Di “inaccettabile ritardo di sviluppo del Sud” ha parlato invece il padrone di casa, il presidente della Camera Roberto Fico, che ha definito “preziosa e condivisibile” la scelta della Bce di adottare ulteriori misure di stimolo monetario vista la “debolezza persistente dell’economia europea”. Ma vediamo più da vicino com’è e come sarà l’Italia in cui viviamo.
ITALIA IN RECESSIONE DEMOGRAFICA
Il nostro Paese è ormai dal 2015 in recessione demografica e pare non mettersi nelle condizioni di invertire la tendenza. “Secondo i dati provvisori relativi al 2018 — si legge nel Rapporto — sono stati iscritti in anagrafe per nascita oltre 439 mila bambini, quasi 140 mila in meno rispetto al 2008” mentre i cancellati per decesso sono poco più di 633 mila, circa 50 mila in più. “La diminuzione della popolazione femminile tra 15 e 49 anni osservata tra il 2008 e il 2017 – circa 900 mila donne in meno – spiega circa i tre quarti del calo di nascite che si è verificato nello stesso periodo.

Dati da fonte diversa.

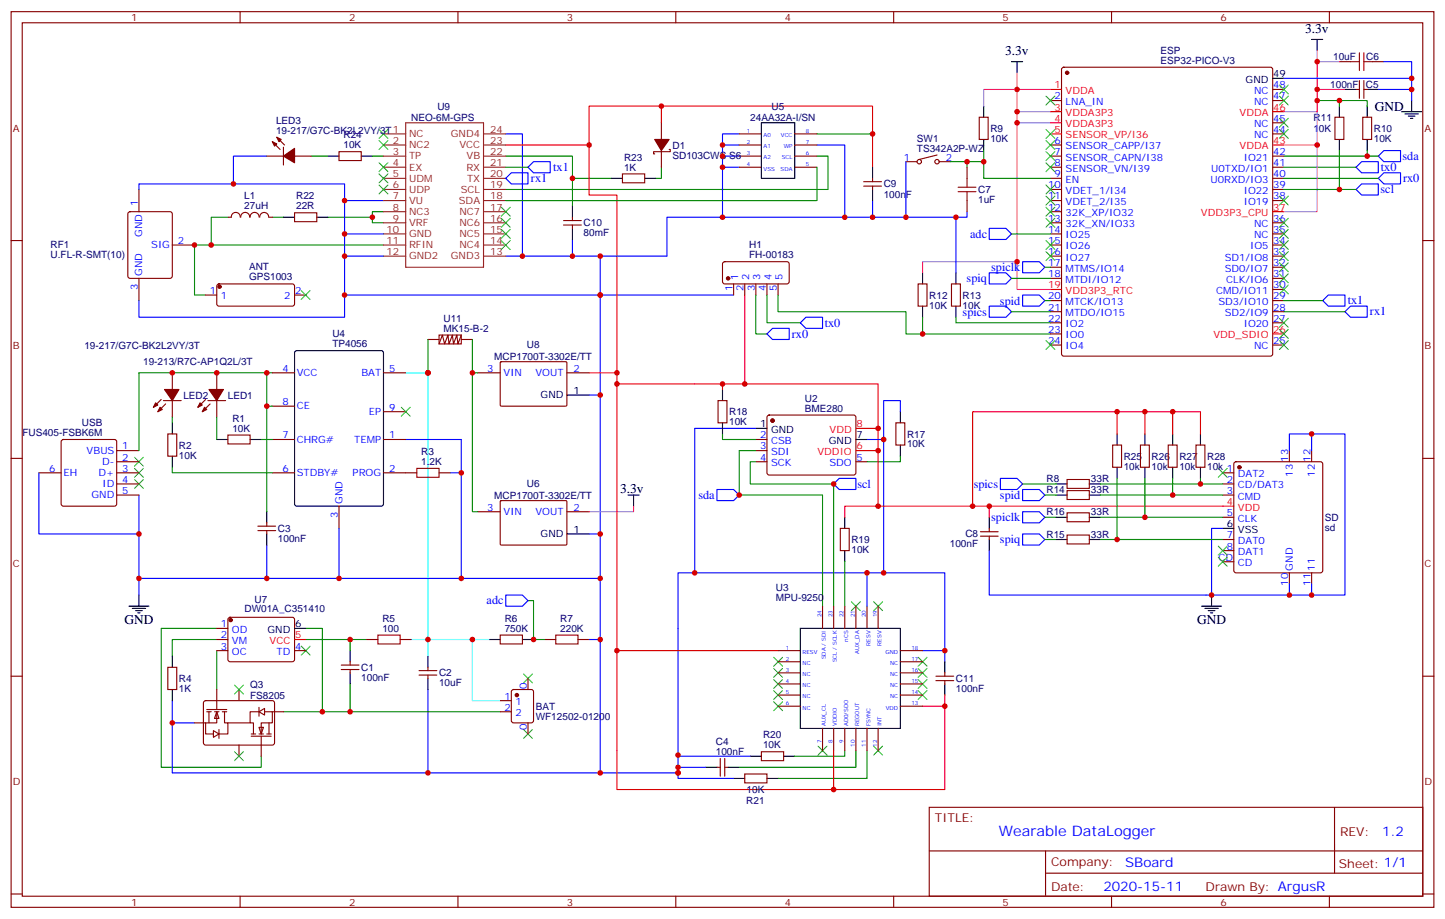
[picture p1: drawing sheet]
<svg xmlns="http://www.w3.org/2000/svg" width="459mm" height="292mm" viewBox="0 0 459 292" stroke-linecap="round" stroke-linejoin="round" font-family="sans-serif">
<g fill="none" stroke="#870000" stroke-width=".35">
<path d="M3.5 3.7h451.6v284.3h-451.6zM7.1 7.2h444.5v277.3h-444.5zM76.2 3.7v3.5M145.3 3.7v3.5M214.5 3.7v3.5M283.6 3.7v3.5M352.8 3.7v3.5M421.9 3.7v3.5M3.5 76.4h3.6M451.6 76.4h3.5M3.5 145.5h3.6M158.8 159.1l.3-.2 20.6 .1 .2 .3v13.6l-.3 .1h-20.7l-.2-.3z"/>
<path d="M451.6 145.5h3.5M151.7 162.5h7M179.9 162.5h7.1M3.5 214.7h3.6M451.6 214.7h3.5M294.9 256.3h156.7v28.2h-156.7zM423.5 256.3l.1 20.9M295 270.1h156.4M331.8 277.2h119.6M331.8 270.1v14.2M3.5 283.8h3.6M76.2 284.5v3.5"/>
<path d="M145.3 284.5v3.5M214.5 284.5v3.5M283.6 284.5v3.5M352.8 284.5v3.5M421.9 284.5v3.5M451.6 283.8h3.5"/>
</g>
<path d="M179.9 169.5h7.1" fill="none" stroke="#000" stroke-width=".35"/>
<path d="M232.8 93.7h-42.3v151.7h24.7v-63.5h65.3M128.8 139.5h17.6M142.9 150.1h3.5M187 169.5h3.5M44.1 183.6h146.4M135.8 218.9v26.5M54.7 222.4v23M54.7 229.5h7" fill="none" stroke="#00f" stroke-width=".35"/>
<path d="M239.9 93.7v12.3h3.5M243.4 93.7v8.8h10.6M44.1 118.4h42.3M234.6 157.2h26.5v35.2M239.9 146.6h-1.8v7h26.5v38.8M68.8 199.5h-17.6v44.1h31.7v-3.5M97 199.5h5.3v26.5M68.8 203h-14.1v5.3M68.8 206.6v12.3M97 203h19.4M90 226h68.7" fill="none" stroke="#008700" stroke-width=".35"/>
<path d="M236.4 93.7v28.2M220.5 121.9h-24.7v116.4" fill="none" stroke="#f00" stroke-width=".35"/>
<path d="M135.8 118.4v89.9M130.5 203h5.3" fill="none" stroke="#0ff" stroke-width=".35"/>
<g fill="#fff" stroke="#870000" stroke-width=".35">
<path d="M68.8 226l.7 2.1h-1.4z"/>
<path d="M67.7 232l1.8 1-1.8 1.1z"/>
</g>
<path d="M68.8 218.9v6.3M75.8 218.9v3.5M61.7 229.5h3.6M65.6 225.2h6.4M65.6 226h1.4M66.3 226v3.5M68.1 226h1.4M68.8 226v3.5h-3.5v3.5h2.4M69.5 231.6v2.8M70.6 226h1.4M71.3 226v3.5h1v3.5h-2.8" fill="none" stroke="#870000" stroke-width=".35"/>
<g fill="#fff" stroke="#870000" stroke-width=".35">
<path d="M82.2 230.9h1.4l-.7 2.1z"/>
<path d="M82.2 226l1.8-1.1v2.1z"/>
</g>
<g fill="none" stroke="#870000" stroke-width=".35">
<path d="M425.1 19.6h3.5M435.7 19.6h3.5M209.9 39v5.3M310.8 37.2h2.8v7.1h-2.8zM333.4 31.9h3.5M337.1 21.5l.5-.2h65.6l.5 .2 .2 .5v90.4l-.2 .5-.5 .2h-65.6l-.5-.3-.2-.4v-90.4zM403.9 28.4h3.6M403.9 31.9h3.6M403.9 39h3.6M423.7 37.2h2.8v7.1h-2.8zM430.4 28.4h1M431.4 25.6v5.6"/>
<path d="M432.5 37.2h2.8v7.1h-2.8zM432.9 25.6v5.6M432.9 28.4h1M84.7 49.6h5.3M86.4 45l2.5 2.4M87.8 43.6l2.5 2.4M90 46.7v5.7M93.5 49.6h5.3M107.6 48.2h7.1v2.8h-7.1zM197.6 55.2h7v2.8h-7zM209.9 47.8v5.3M212.4 47.4h.3v.8h-5.3v.7h.4"/>
<path d="M234.6 42.5h7.1M234.6 46h7.1M234.6 49.6h7.1M234.6 53.1h7.1M252.2 42.5h7.1M252.2 46h7.1M252.2 49.6h7.1M252.2 53.1h7.1M274.1 57.7h5.7M274.1 59.1h5.7M276.9 56.6v1.1M276.9 59.1v1"/>
<path d="M287.5 51.3h3.5M297.4 49.2l-5.7 1.4M298.1 51.3h3.5M306.9 53.1v3.5M333.4 46h3.5M333.4 49.6h3.5M333.4 53.1h3.5M333.4 56.6h3.5M403.9 42.5h3.6M403.9 49.6h3.6M403.9 53.1h3.6M403.9 56.6h3.6"/>
<path d="M40.8 67.4l.5-.2h12.7l.6 .4 .1 20.1-.5 .6-12.9 .1-.7-.5v-20zM44.1 60.1v7.1M54.7 77.8h7M76.2 68.9a1.41 1.41 0 0 0-1.4-1.5 1.41 1.41 0 0 0-1.4 1.5l-1.1 .1M76.4 68.9a1.41 1.41 0 0 1 1.4-1.5 1.41 1.41 0 0 1 1.4 1.5M79.4 68.9a1.41 1.41 0 0 1 1.4-1.5 1.41 1.41 0 0 1 1.4 1.5M82.4 68.9a1.41 1.41 0 0 1 1.5-1.5 1.41 1.41 0 0 1 1.4 1.5M85.4 69h1M93.5 67.6h7v2.8h-7zM178.9 70h5.6M178.9 71.4h5.6M181.7 69v1"/>
<path d="M181.7 71.4v1.1M306.9 63.7v3.5M333.4 77.8h3.5M333.4 60.1h3.5M333.4 63.7h3.5M333.4 67.2h3.5M333.4 70.7h3.5M333.4 74.3h3.5M403.9 77.8h3.6M403.9 60.1h3.6M403.9 63.7h3.6M403.9 70.7h3.6"/>
<path d="M403.9 74.3h3.6M44.1 88.4v7M65.3 93.7h3.5M69 90.3l.5-.2 23.6 .1 .4 .6-.1 6-.6 .4-23.6-.1-.4-.6v-5.7zM93.5 93.7h3.5M229.5 83.3l.5-.2h20l.5 .7-.1 5.9-.6 .4h-20.1l-.4-.7v-5.6zM232.8 90.1v3.6M236.4 90.1v3.6M239.9 90.1v3.6M243.4 90.1v3.6M246.9 90.1v3.6M291.4 90.1h2.8v7.1h-2.8z"/>
<path d="M302 90.1h2.8v7.1h-2.8zM333.4 81.3h3.5M333.4 84.8h3.5M333.4 88.4h3.5M333.4 95.4h3.5M333.4 99h3.5M403.9 81.3h3.6M403.9 84.8h3.6M403.9 88.4h3.6M403.9 95.4h3.6M403.9 99h3.6M403.9 91.9h3.6"/>
<path d="M54.7 118.4v5.2M68.8 118.4v5.2M86.4 118.4h7.1M121.7 118.4h7.1M135.8 107.8h3.5M146.4 106.4l-1.1 2.8-.3-2.8-1.1 2.8-.3-2.8-1.1 2.8-.3-2.8-1.1 2.8-.7-2.8-1.1 2.8M146.4 107.8h3.5M151.7 118.4h7M158.8 115l.3-.2 20.6 .1 .2 .3v13.6l-.3 .1h-20.7l-.2-.3zM179.9 118.4h7.1M333.4 102.5h3.5M333.4 106h3.5"/>
<path d="M333.4 109.5h3.5M403.9 102.5h3.6M403.9 109.5h3.6M19.6 139.7l.5-.2h16.2l.5 .2 .2 .5v19.8l-.2 .5-.5 .2h-16.2l-.5-.2-.2-.5v-19.8zM51.2 126.8l-2.5 2.5M51.9 127.2h5.6M52.6 128.2l-2.5 2.5M53.3 137.8h2.8v7h-2.8zM54.7 127.2v5.3M65.3 126.8l-2.5 2.5M66 127.2h5.6M66.7 128.2l-2.5 2.5"/>
<path d="M68.8 127.2v5.3M72.3 138.1h7.1v2.8h-7.1zM86.4 139.5h7.1M86.4 128.9h7.1M121.7 139.5h7.1M121.7 130.7h7.1M227.9 127.2h2.8v7h-2.8zM239.9 139.5h3.5M243.7 132l.4-.2h27.1l.4 .7v17.9l-.7 .4-27.1-.1-.4-.6v-17.6zM284.3 134.2h2.9v7.1h-2.9zM12.3 150.1h7.1M37 150.1h7.1"/>
<path d="M37 143.1h7.1M37 146.6h7.1M37 153.6h7.1M37 157.2h7.1M86.4 150.1h7.1M121.7 150.1h10.6M139.3 150.1h3.6M239.9 143.1h3.5M239.9 146.6h3.5M271.6 146.6h3.6M338.7 155.8h7v2.8h-7zM338.7 152.2h7v2.8h-7z"/>
<path d="M353.1 141.3h2.9v7h-2.9zM361.9 141.3h2.9v7h-2.9zM370.8 141.3h2.8v7h-2.8zM379.6 141.3h2.8v7h-2.8zM388.1 150.1h3.5M388.1 153.6h3.5M388.1 157.2h3.5M391.8 146.8l.5-.2h26.8l.5 .2 .2 .5v33.9l-.2 .5-.5 .2h-26.8l-.5-.3-.2-.4v-33.9zM409.2 143.1v3.5M416.3 143.1v3.5M81.8 168.5h5.7M81.8 167h5.7"/>
<path d="M84.7 166v1M84.7 168.5v1M107.6 160.7v7M266.7 167.7h2.8v7.1h-2.8zM311.1 168.8h5.7M311.1 170.2h5.7M314 167.7v1.1M314 170.2v1.1M338.7 162.8h7v2.8h-7zM338.7 169.9h7v2.8h-7zM388.1 164.2h3.5M388.1 171.3h3.5"/>
<path d="M388.1 174.8h3.5M388.1 178.3h3.5M68.8 199.5h3.5M72.6 196.2l.4-.2h20.1l.4 .7-.1 12.9-.6 .5-20-.1-.5-.6v-12.7zM261.1 192.4v7.1M264.6 192.4v7.1M268.1 192.4v7.1M271.6 192.4v7.1M275.2 192.4v7.1M278.7 192.4v7.1M409.2 181.9v3.5M416.3 181.9v3.5"/>
<path d="M53.3 211.8h2.8v7.1h-2.8zM68.8 203h3.5M68.8 206.6h3.5M93.5 206.6h3.5M108.3 212.5h5.6M108.3 211.1h5.6M111.1 210.1v1M111.1 212.5v1.1M116.4 203h3.5M127 203h3.5M133 214.3h5.6M133 212.9h5.6"/>
<path d="M135.8 211.8v1.1M135.8 214.3v1.1M158.7 201.6h7.1v2.8h-7.1zM162.5 219.1l.5-.2h5.6l.7 .4v9.5l-.4 .6-5.9 .1-.7-.5v-9.4zM167.6 215.4v3.5M172.9 203h3.5M183.4 203h3.6M246.9 206.6h7.1M246.9 210.1h7.1M246.9 213.6h7.1M246.9 217.1h7.1M285.8 206.6h7"/>
<path d="M285.8 210.1h7M285.8 213.6h7M285.8 217.1h7M297 214.7h5.7M297 216.1h5.7M299.9 213.6v1.1M299.9 216.1v1M64.8 222.6l.5-.2 21.4 .1 .4 .6v13l-.7 .4h-21.4l-.4-.7v-12.7zM72.3 229.5h7.1M75.8 236.5v3.6M79.7 233.7h6.4M79.7 233h1.4"/>
<path d="M82.2 226h-2.8v3.5h1v3.5M82.2 224.5v2.9M82.2 233h1.4M82.9 233.7v6.4M84 226h2.4v3.5h-3.5v3.5M84.7 233h1.4M85.4 229.5v3.5M86.4 226h3.6M158.7 226h3.6M158.7 222.4h3.6M167.6 229.5v3.5M241.7 238.7h7v2.8h-7z"/>
<path d="M246.9 220.7h7.1M246.9 224.2h7.1M261.1 231.2v7.1M264.6 231.2v7.1M268.1 231.2v7.1M271.6 231.2v7.1M275.2 231.2v7.1M278.7 231.2v7.1M285.8 220.7h7M285.8 224.2h7M227.5 243.6h1.1M228.6 240.8v5.6"/>
<path d="M230 240.8v5.6M230 243.6h1.1M236.4 245.7h7v2.8h-7z"/>
<circle cx="291.7" cy="51.3" r=".71"/>
<circle cx="297.4" cy="51.3" r=".71"/>
</g>
<g fill="none" stroke="#00f" stroke-width=".35">
<path d="M439.2 19.6h8.8v5.3h-40.5M437.4 28.4h10.6M448 24.9v7M74.1 58.4h-30v1.7M84.7 49.6h-10.6v8.8h35.3v5.3M160.5 42.5h5.3v38.8M160.5 56.6l1.8-1.7h5.3v3.5h-5.3zM167.6 53.1l1.7-1.8h5.3v3.6h-5.3zM229.3 46v3.6M234.6 53.1h-5.3v15.9M234.6 49.6h-5.3v3.5M234.6 42.5h-5.3v3.5h5.3"/>
<path d="M259.3 46h8.8v23M287.5 51.3v17.7M432.2 51.3h5.2v3.6h-5.2l-1.8-1.8zM432.2 58.4h5.2v3.5h-5.2l-1.8-1.8zM437.4 56.6l1.8-1.7h5.3v3.5h-5.3zM437.4 49.6l1.8-1.8h5.3v3.5h-5.3zM109.4 74.3v7h12.3M121.7 63.7h-12.3v10.6h12.3M181.7 76v5.3M229.3 69h-17.6v12.3h-51.2M276.9 63.7v5.3h-47.6M276.9 69h26.5v17.6"/>
<path d="M306.9 67.2v1.8h-3.5M314 72.5h5.3l1.7 1.8-1.7 1.7h-5.3zM109.4 81.3v12.4h81.1v-12.4M109.4 93.7v7h-65.3v-5.3M314 86.6h5.3l1.7 1.8-1.7 1.7h-5.3zM314 97.2h5.3l1.7 1.8-1.7 1.7h-5.3zM324.6 83.1h5.2l1.8 1.7-1.8 1.8h-5.2zM324.6 93.7h5.2l1.8 1.7-1.8 1.8h-5.2zM421.6 93.7h5.3v3.5h-5.3l-1.8-1.8zM426.9 99l1.7-1.8h5.3v3.5h-5.3zM243.4 106l1.8-1.8h5.3v3.6h-5.3zM254 102.5l1.8-1.8h5.3v3.5h-5.3z"/>
<path d="M146.4 139.5v44.1M187 125.4h3.5M239.9 136h-19.4v45.9M280.5 139.5v42.4h19.4v28.2M285.8 130.7v-3.5h-5.3v12.3h-5.3M416.3 137.8v5.3M12.3 150.1v19.4h31.8M44.1 157.2v31.7M227.5 155.4h5.3l1.8 1.8-1.8 1.7h-5.3zM266.3 151.9h5.3v3.5h-5.3l-1.7-1.8zM317.5 151.9h5.3l1.8 1.7-1.8 1.8h-5.3zM324.6 155.4h5.2l1.8 1.8-1.8 1.7h-5.2z"/>
<path d="M409.2 143.1v-5.3h17.7v51.1h-112.9v-14.1M84.7 173v10.6M107.6 167.7v15.9M324.6 169.5h5.2l1.8 1.8-1.8 1.7h-5.2zM324.6 162.5h5.2l1.8 1.7-1.8 1.8h-5.2zM388.1 167.7h-3.6v21.2M160.5 188.9h5.3l1.8 1.8-1.8 1.7h-5.3zM275.2 181.9v10.5M409.2 185.4v3.5M416.3 185.4v3.5M187 203h3.5M292.8 206.6h7.1"/>
<path d="M215.2 239.7v.4h22.9M54.7 245.4h135.8M215.2 245.4v1.7h17.6M215.2 243.6h8.8"/>
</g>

La restante quota dipende dalla diminuzione della fecondità (da 1,45 figli per donna del 2008 a 1,32 del 2017)” spiega l’Istituto che evidenzia come “la diminuzione delle nascite è attribuibile prevalentemente al calo dei nati da coppie di genitori entrambi italiani, che scendono a 359 mila nel 2017 (oltre 121 mila in meno rispetto al 2008)”. Nel 2016 il 45% delle donne tra i 18 e i 49 anni non aveva ancora avuto figli ma meno del 5% dichiarava che procreare non rientrava nel proprio progetto di vita.
L’ALLUNGAMENTO DELLA VITA
In un’Italia che non fa figli si nota pure come il processo di invecchiamento sia “caratterizzato da un’evoluzione positiva” con “una maggiore diffusione di stili di vita e abitudini salutari” tra gli over 65 che fanno più sport, dall’8,6% del 2008 al 12,4% del 2018, e frequentano di più cinema e teatri. “I confini tra una fase e l’altra della vita sono sempre meno definiti” rileva l’Istat. “È in atto un processo di allungamento nei tempi di transizione allo stato adulto”: studi, lavoro e famiglia seguono un “ordine meno rigido” ed “è sempre più raro” che corrispondano a “un’autonomia economica e di scelte di vita” propria dell’età adulta. Allo stesso tempo grazie all’allungamento della vita si è “dilatata anche la fase che intercorre tra l’uscita dal mondo del lavoro e l’entrata nell’età anziana già avanzata”.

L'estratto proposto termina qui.